• _Material provided_
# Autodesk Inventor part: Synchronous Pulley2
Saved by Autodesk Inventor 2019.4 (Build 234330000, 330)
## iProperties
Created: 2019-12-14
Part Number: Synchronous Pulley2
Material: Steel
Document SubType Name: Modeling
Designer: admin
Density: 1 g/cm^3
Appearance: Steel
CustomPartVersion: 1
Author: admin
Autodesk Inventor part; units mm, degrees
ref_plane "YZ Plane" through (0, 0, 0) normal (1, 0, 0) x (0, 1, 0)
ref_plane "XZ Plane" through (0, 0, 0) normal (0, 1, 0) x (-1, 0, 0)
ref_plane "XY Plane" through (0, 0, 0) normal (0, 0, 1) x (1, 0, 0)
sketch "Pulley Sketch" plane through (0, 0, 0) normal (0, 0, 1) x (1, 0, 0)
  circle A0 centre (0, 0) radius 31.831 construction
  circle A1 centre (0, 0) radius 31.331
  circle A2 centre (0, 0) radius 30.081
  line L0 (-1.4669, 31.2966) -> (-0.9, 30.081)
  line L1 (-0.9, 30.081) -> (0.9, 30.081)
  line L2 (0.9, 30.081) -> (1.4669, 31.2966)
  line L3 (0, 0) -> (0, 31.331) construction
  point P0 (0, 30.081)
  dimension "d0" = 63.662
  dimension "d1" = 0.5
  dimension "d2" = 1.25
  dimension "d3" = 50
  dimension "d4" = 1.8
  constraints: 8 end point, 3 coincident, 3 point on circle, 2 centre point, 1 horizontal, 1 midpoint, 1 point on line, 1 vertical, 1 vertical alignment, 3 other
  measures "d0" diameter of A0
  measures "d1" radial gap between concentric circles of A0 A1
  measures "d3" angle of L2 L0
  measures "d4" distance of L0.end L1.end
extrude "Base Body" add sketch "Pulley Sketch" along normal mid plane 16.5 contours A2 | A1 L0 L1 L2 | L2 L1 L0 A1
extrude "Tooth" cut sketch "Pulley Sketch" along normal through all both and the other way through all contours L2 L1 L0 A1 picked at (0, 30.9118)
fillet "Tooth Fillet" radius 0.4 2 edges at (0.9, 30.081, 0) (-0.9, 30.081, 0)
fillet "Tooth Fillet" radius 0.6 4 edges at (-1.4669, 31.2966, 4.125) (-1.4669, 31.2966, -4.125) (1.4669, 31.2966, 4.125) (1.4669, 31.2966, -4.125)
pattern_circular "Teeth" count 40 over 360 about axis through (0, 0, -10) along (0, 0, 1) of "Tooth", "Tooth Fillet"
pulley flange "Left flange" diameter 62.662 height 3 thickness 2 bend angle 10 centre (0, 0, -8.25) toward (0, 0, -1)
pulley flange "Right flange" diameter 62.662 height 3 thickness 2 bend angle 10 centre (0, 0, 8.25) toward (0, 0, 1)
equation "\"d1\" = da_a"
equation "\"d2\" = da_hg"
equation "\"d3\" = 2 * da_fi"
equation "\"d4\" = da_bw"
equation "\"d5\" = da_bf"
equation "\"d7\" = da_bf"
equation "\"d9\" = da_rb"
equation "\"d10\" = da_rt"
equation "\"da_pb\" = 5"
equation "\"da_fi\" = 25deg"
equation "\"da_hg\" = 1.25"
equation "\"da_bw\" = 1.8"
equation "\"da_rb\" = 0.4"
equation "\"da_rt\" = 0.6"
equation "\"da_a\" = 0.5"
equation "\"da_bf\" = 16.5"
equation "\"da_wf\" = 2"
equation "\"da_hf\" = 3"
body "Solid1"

• _Brief_
The response should consist only of the lines from the one containing "count 40 over" to the end of the material above, both included.

• _Written answer_
pattern_circular "Teeth" count 40 over 360 about axis through (0, 0, -10) along (0, 0, 1) of "Tooth", "Tooth Fillet"
pulley flange "Left flange" diameter 62.662 height 3 thickness 2 bend angle 10 centre (0, 0, -8.25) toward (0, 0, -1)
pulley flange "Right flange" diameter 62.662 height 3 thickness 2 bend angle 10 centre (0, 0, 8.25) toward (0, 0, 1)
equation "\"d1\" = da_a"
equation "\"d2\" = da_hg"
equation "\"d3\" = 2 * da_fi"
equation "\"d4\" = da_bw"
equation "\"d5\" = da_bf"
equation "\"d7\" = da_bf"
equation "\"d9\" = da_rb"
equation "\"d10\" = da_rt"
equation "\"da_pb\" = 5"
equation "\"da_fi\" = 25deg"
equation "\"da_hg\" = 1.25"
equation "\"da_bw\" = 1.8"
equation "\"da_rb\" = 0.4"
equation "\"da_rt\" = 0.6"
equation "\"da_a\" = 0.5"
equation "\"da_bf\" = 16.5"
equation "\"da_wf\" = 2"
equation "\"da_hf\" = 3"
body "Solid1"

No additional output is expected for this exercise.